You need to know how to close the deal and move forward professionally. Your business should have a really clear and formulaic onboarding system of how you’re going to be working with each other.
Nothing says, “I got you!” more than a clear contract that says, “Here are the clear expectations: I’m going to be doing this…You’re going to be doing this. This is how we’re going to handle confidentiality…intellectual property.. and all the cool content that we’re going to be creating together for this project and the delivery of services. This is how we’re going to handle payment.”
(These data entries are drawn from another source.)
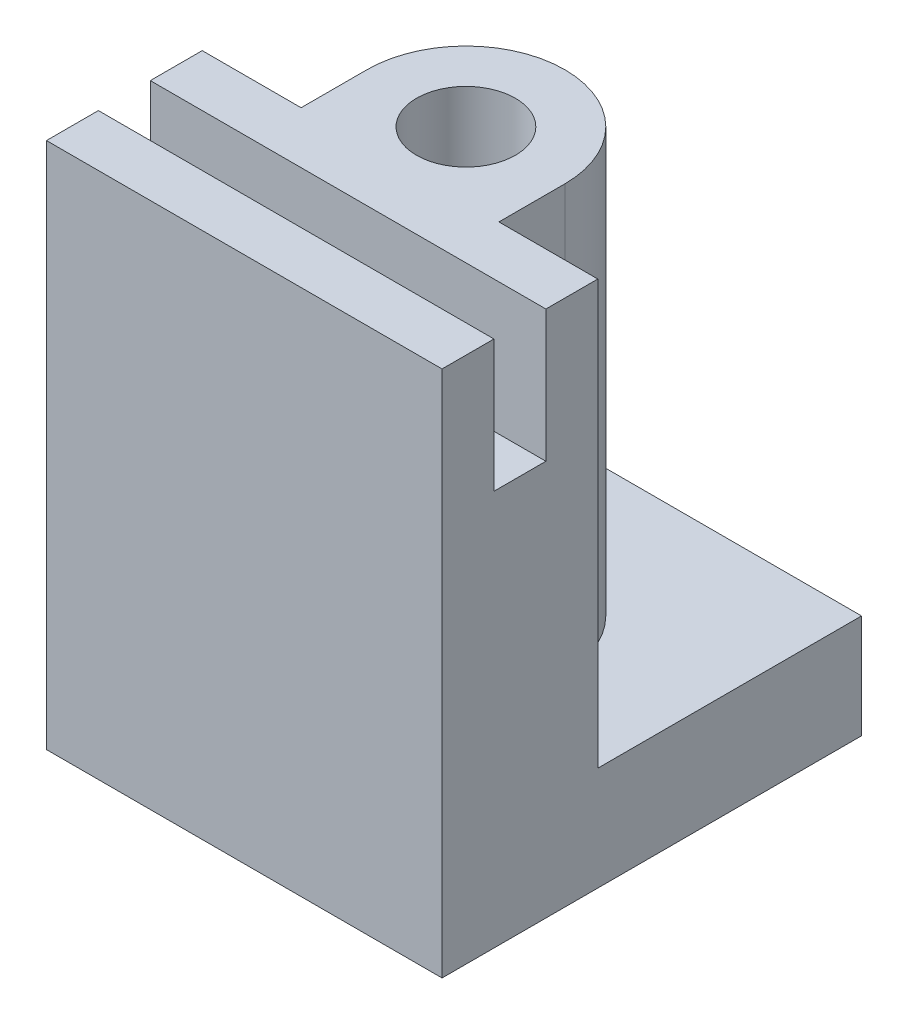
ISO-10303-21;
HEADER;
FILE_DESCRIPTION(('STEP AP214'),'2;1');
FILE_NAME('part.step','',(''),(''),'','','');
FILE_SCHEMA(('AUTOMOTIVE_DESIGN { 1 0 10303 214 1 1 1 1 }'));
ENDSEC;
DATA;
#1=APPLICATION_CONTEXT('core data for automotive mechanical design processes');
#2=APPLICATION_PROTOCOL_DEFINITION('international standard','automotive_design',2000,#1);
#3=PRODUCT_CONTEXT('',#1,'mechanical');
#4=PRODUCT('Part','Part','',(#3));
#5=PRODUCT_RELATED_PRODUCT_CATEGORY('part','',(#4));
#6=PRODUCT_DEFINITION_FORMATION('','',#4);
#7=PRODUCT_DEFINITION_CONTEXT('part definition',#1,'design');
#8=PRODUCT_DEFINITION('design','',#6,#7);
#9=PRODUCT_DEFINITION_SHAPE('','',#8);
#10=(LENGTH_UNIT() NAMED_UNIT(*) SI_UNIT(.MILLI.,.METRE.));
#11=(NAMED_UNIT(*) PLANE_ANGLE_UNIT() SI_UNIT($,.RADIAN.));
#12=(NAMED_UNIT(*) SI_UNIT($,.STERADIAN.) SOLID_ANGLE_UNIT());
#13=UNCERTAINTY_MEASURE_WITH_UNIT(LENGTH_MEASURE(1.E-05),#10,'distance_accuracy_value','');
#14=(GEOMETRIC_REPRESENTATION_CONTEXT(3) GLOBAL_UNCERTAINTY_ASSIGNED_CONTEXT((#13)) GLOBAL_UNIT_ASSIGNED_CONTEXT((#10,
#11,#12)) REPRESENTATION_CONTEXT('',''));
#15=CARTESIAN_POINT('',(0.,0.,0.));
#16=DIRECTION('',(0.,0.,1.));
#17=DIRECTION('',(1.,0.,0.));
#18=AXIS2_PLACEMENT_3D('',#15,#16,#17);
#19=CARTESIAN_POINT('',(38.1,9.99999999999999,-15.));
#20=DIRECTION('',(0.,0.,1.));
#21=DIRECTION('',(0.,-1.,0.));
#22=AXIS2_PLACEMENT_3D('',#19,#20,#21);
#23=PLANE('',#22);
#24=DIRECTION('',(-1.,0.,0.));
#25=VECTOR('',#24,1.);
#26=CARTESIAN_POINT('',(38.1,9.99999999999999,-15.));
#27=LINE('',#26,#25);
#28=CARTESIAN_POINT('',(38.1,9.99999999999999,-15.));
#29=VERTEX_POINT('',#28);
#30=CARTESIAN_POINT('',(28.575,9.99999999999998,-15.));
#31=VERTEX_POINT('',#30);
#32=EDGE_CURVE('E206',#29,#31,#27,.T.);
#33=ORIENTED_EDGE('',*,*,#32,.T.);
#34=DIRECTION('',(0.,1.,0.));
#35=VECTOR('',#34,1.);
#36=CARTESIAN_POINT('',(28.575,-0.002000000000002,-15.));
#37=LINE('',#36,#35);
#38=CARTESIAN_POINT('',(28.575,50.8,-15.));
#39=VERTEX_POINT('',#38);
#40=EDGE_CURVE('E270',#31,#39,#37,.T.);
#41=ORIENTED_EDGE('',*,*,#40,.T.);
#42=DIRECTION('',(-1.,0.,0.));
#43=VECTOR('',#42,1.);
#44=CARTESIAN_POINT('',(38.1,50.8,-15.));
#45=LINE('',#44,#43);
#46=CARTESIAN_POINT('',(38.1,50.8,-15.));
#47=VERTEX_POINT('',#46);
#48=EDGE_CURVE('E202',#47,#39,#45,.T.);
#49=ORIENTED_EDGE('',*,*,#48,.F.);
#50=DIRECTION('',(0.,1.,0.));
#51=VECTOR('',#50,1.);
#52=CARTESIAN_POINT('',(38.1,9.99999999999999,-15.));
#53=LINE('',#52,#51);
#54=EDGE_CURVE('E237',#29,#47,#53,.T.);
#55=ORIENTED_EDGE('',*,*,#54,.F.);
#56=EDGE_LOOP('',(#33,#41,#49,#55));
#57=FACE_BOUND('',#56,.T.);
#58=ADVANCED_FACE('F52',(#57),#23,.F.);
#59=CARTESIAN_POINT('',(38.1,50.8,0.));
#60=DIRECTION('',(0.,0.,-1.));
#61=DIRECTION('',(0.,1.,0.));
#62=AXIS2_PLACEMENT_3D('',#59,#60,#61);
#63=PLANE('',#62);
#64=DIRECTION('',(0.,-1.,0.));
#65=VECTOR('',#64,1.);
#66=CARTESIAN_POINT('',(0.,50.8,0.));
#67=LINE('',#66,#65);
#68=CARTESIAN_POINT('',(0.,50.8,0.));
#69=VERTEX_POINT('',#68);
#70=CARTESIAN_POINT('',(0.,0.,0.));
#71=VERTEX_POINT('',#70);
#72=EDGE_CURVE('E172',#69,#71,#67,.T.);
#73=ORIENTED_EDGE('',*,*,#72,.T.);
#74=DIRECTION('',(-1.,0.,0.));
#75=VECTOR('',#74,1.);
#76=CARTESIAN_POINT('',(38.1,0.,0.));
#77=LINE('',#76,#75);
#78=CARTESIAN_POINT('',(38.1,0.,0.));
#79=VERTEX_POINT('',#78);
#80=EDGE_CURVE('E60',#79,#71,#77,.T.);
#81=ORIENTED_EDGE('',*,*,#80,.F.);
#82=DIRECTION('',(0.,-1.,0.));
#83=VECTOR('',#82,1.);
#84=CARTESIAN_POINT('',(38.1,50.8,0.));
#85=LINE('',#84,#83);
#86=CARTESIAN_POINT('',(38.1,50.8,0.));
#87=VERTEX_POINT('',#86);
#88=EDGE_CURVE('E194',#87,#79,#85,.T.);
#89=ORIENTED_EDGE('',*,*,#88,.F.);
#90=DIRECTION('',(-1.,0.,0.));
#91=VECTOR('',#90,1.);
#92=CARTESIAN_POINT('',(38.1,50.8,0.));
#93=LINE('',#92,#91);
#94=EDGE_CURVE('E168',#87,#69,#93,.T.);
#95=ORIENTED_EDGE('',*,*,#94,.T.);
#96=EDGE_LOOP('',(#73,#81,#89,#95));
#97=FACE_BOUND('',#96,.T.);
#98=ADVANCED_FACE('F54',(#97),#63,.F.);
#99=CARTESIAN_POINT('',(38.1,0.,0.));
#100=DIRECTION('',(0.,1.,0.));
#101=DIRECTION('',(0.,0.,1.));
#102=AXIS2_PLACEMENT_3D('',#99,#100,#101);
#103=PLANE('',#102);
#104=DIRECTION('',(0.,0.,-1.));
#105=VECTOR('',#104,1.);
#106=CARTESIAN_POINT('',(0.,0.,0.));
#107=LINE('',#106,#105);
#108=CARTESIAN_POINT('',(0.,0.,-40.4));
#109=VERTEX_POINT('',#108);
#110=EDGE_CURVE('E175',#71,#109,#107,.T.);
#111=ORIENTED_EDGE('',*,*,#110,.T.);
#112=DIRECTION('',(-1.,0.,0.));
#113=VECTOR('',#112,1.);
#114=CARTESIAN_POINT('',(38.1,0.,-40.4));
#115=LINE('',#114,#113);
#116=CARTESIAN_POINT('',(38.1,0.,-40.4));
#117=VERTEX_POINT('',#116);
#118=EDGE_CURVE('E212',#117,#109,#115,.T.);
#119=ORIENTED_EDGE('',*,*,#118,.F.);
#120=DIRECTION('',(0.,0.,-1.));
#121=VECTOR('',#120,1.);
#122=CARTESIAN_POINT('',(38.1,0.,0.));
#123=LINE('',#122,#121);
#124=EDGE_CURVE('E123',#79,#117,#123,.T.);
#125=ORIENTED_EDGE('',*,*,#124,.F.);
#126=ORIENTED_EDGE('',*,*,#80,.T.);
#127=EDGE_LOOP('',(#111,#119,#125,#126));
#128=FACE_BOUND('',#127,.T.);
#129=ADVANCED_FACE('F215',(#128),#103,.F.);
#130=CARTESIAN_POINT('',(38.1,0.,-40.4));
#131=DIRECTION('',(0.,0.,1.));
#132=DIRECTION('',(1.,0.,0.));
#133=AXIS2_PLACEMENT_3D('',#130,#131,#132);
#134=PLANE('',#133);
#135=DIRECTION('',(0.,1.,0.));
#136=VECTOR('',#135,1.);
#137=CARTESIAN_POINT('',(0.,0.,-40.4));
#138=LINE('',#137,#136);
#139=CARTESIAN_POINT('',(0.,9.99999999999999,-40.4));
#140=VERTEX_POINT('',#139);
#141=EDGE_CURVE('E178',#109,#140,#138,.T.);
#142=ORIENTED_EDGE('',*,*,#141,.T.);
#143=DIRECTION('',(-1.,0.,0.));
#144=VECTOR('',#143,1.);
#145=CARTESIAN_POINT('',(38.1,9.99999999999999,-40.4));
#146=LINE('',#145,#144);
#147=CARTESIAN_POINT('',(38.1,9.99999999999999,-40.4));
#148=VERTEX_POINT('',#147);
#149=EDGE_CURVE('E209',#148,#140,#146,.T.);
#150=ORIENTED_EDGE('',*,*,#149,.F.);
#151=DIRECTION('',(0.,1.,0.));
#152=VECTOR('',#151,1.);
#153=CARTESIAN_POINT('',(38.1,0.,-40.4));
#154=LINE('',#153,#152);
#155=EDGE_CURVE('E238',#117,#148,#154,.T.);
#156=ORIENTED_EDGE('',*,*,#155,.F.);
#157=ORIENTED_EDGE('',*,*,#118,.T.);
#158=EDGE_LOOP('',(#142,#150,#156,#157));
#159=FACE_BOUND('',#158,.T.);
#160=ADVANCED_FACE('F226',(#159),#134,.F.);
#161=CARTESIAN_POINT('',(38.1,9.99999999999999,-40.4));
#162=DIRECTION('',(0.,-1.,0.));
#163=DIRECTION('',(0.,0.,-1.));
#164=AXIS2_PLACEMENT_3D('',#161,#162,#163);
#165=PLANE('',#164);
#166=CARTESIAN_POINT('',(19.05,9.99999999999999,-21.35));
#167=DIRECTION('',(0.,-1.,0.));
#168=DIRECTION('',(0.,0.,-1.));
#169=AXIS2_PLACEMENT_3D('',#166,#167,#168);
#170=CIRCLE('',#169,9.525);
#171=CARTESIAN_POINT('',(28.575,9.99999999999998,-21.35));
#172=VERTEX_POINT('',#171);
#173=CARTESIAN_POINT('',(9.525,9.99999999999998,-21.35));
#174=VERTEX_POINT('',#173);
#175=EDGE_CURVE('E176',#172,#174,#170,.F.);
#176=ORIENTED_EDGE('',*,*,#175,.F.);
#177=DIRECTION('',(0.,0.,-1.));
#178=VECTOR('',#177,1.);
#179=CARTESIAN_POINT('',(28.575,9.99999999999999,-15.));
#180=LINE('',#179,#178);
#181=EDGE_CURVE('E260',#31,#172,#180,.T.);
#182=ORIENTED_EDGE('',*,*,#181,.F.);
#183=ORIENTED_EDGE('',*,*,#32,.F.);
#184=DIRECTION('',(0.,0.,1.));
#185=VECTOR('',#184,1.);
#186=CARTESIAN_POINT('',(38.1,9.99999999999999,-40.4));
#187=LINE('',#186,#185);
#188=EDGE_CURVE('E234',#148,#29,#187,.T.);
#189=ORIENTED_EDGE('',*,*,#188,.F.);
#190=ORIENTED_EDGE('',*,*,#149,.T.);
#191=DIRECTION('',(0.,0.,1.));
#192=VECTOR('',#191,1.);
#193=CARTESIAN_POINT('',(0.,9.99999999999999,-40.4));
#194=LINE('',#193,#192);
#195=CARTESIAN_POINT('',(0.,9.99999999999999,-15.));
#196=VERTEX_POINT('',#195);
#197=EDGE_CURVE('E180',#140,#196,#194,.T.);
#198=ORIENTED_EDGE('',*,*,#197,.T.);
#199=CARTESIAN_POINT('',(9.525,9.99999999999998,-15.));
#200=VERTEX_POINT('',#199);
#201=EDGE_CURVE('E205',#200,#196,#27,.T.);
#202=ORIENTED_EDGE('',*,*,#201,.F.);
#203=DIRECTION('',(0.,0.,1.));
#204=VECTOR('',#203,1.);
#205=CARTESIAN_POINT('',(9.525,9.99999999999999,-21.35));
#206=LINE('',#205,#204);
#207=EDGE_CURVE('E257',#174,#200,#206,.T.);
#208=ORIENTED_EDGE('',*,*,#207,.F.);
#209=EDGE_LOOP('',(#176,#182,#183,#189,#190,#198,#202,#208));
#210=FACE_BOUND('',#209,.T.);
#211=ADVANCED_FACE('F231',(#210),#165,.F.);
#212=CARTESIAN_POINT('',(9.52500000000001,50.8,-15.));
#213=VERTEX_POINT('',#212);
#214=CARTESIAN_POINT('',(0.,50.8,-15.));
#215=VERTEX_POINT('',#214);
#216=EDGE_CURVE('E201',#213,#215,#45,.T.);
#217=ORIENTED_EDGE('',*,*,#216,.F.);
#218=DIRECTION('',(0.,1.,0.));
#219=VECTOR('',#218,1.);
#220=CARTESIAN_POINT('',(9.525,-0.002000000000002,-15.));
#221=LINE('',#220,#219);
#222=EDGE_CURVE('E268',#200,#213,#221,.T.);
#223=ORIENTED_EDGE('',*,*,#222,.F.);
#224=ORIENTED_EDGE('',*,*,#201,.T.);
#225=DIRECTION('',(0.,1.,0.));
#226=VECTOR('',#225,1.);
#227=CARTESIAN_POINT('',(0.,9.99999999999999,-15.));
#228=LINE('',#227,#226);
#229=EDGE_CURVE('E183',#196,#215,#228,.T.);
#230=ORIENTED_EDGE('',*,*,#229,.T.);
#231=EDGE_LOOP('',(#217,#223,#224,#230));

Because I bet you both are interested in payment, right? Who’s not??! And because you’re running a professional business, that means that you care about payments being on time and being clear about how, and when you should be paid. It should also explain how invoicing, late fees, and delivery of materials are going to work. All of that is contingent upon payment being kept aligned and on time and having some milestones with a larger project. Make sure all of that is in a professional industry-appropriate contract and that it’s very clear to all the decision-makers involved.
Can I Just Use Email?
I get this question all the time from small business owners: “Hey, can I just use email as a contract? Is it better than nothing? Is it better than a phone conversation?” Obviously, yes, anything in writing is better than a conversation. But, the problem with email is that it’s likely in that email chain, you maybe aren’t as clear about what someone agreed to. (Maybe they said yes to that change order or date change? Maybe they didn’t…) And maybe you don’t have some of the email legal boilerplate that you usually have at the back of contracts that protect you when the unexpected happens.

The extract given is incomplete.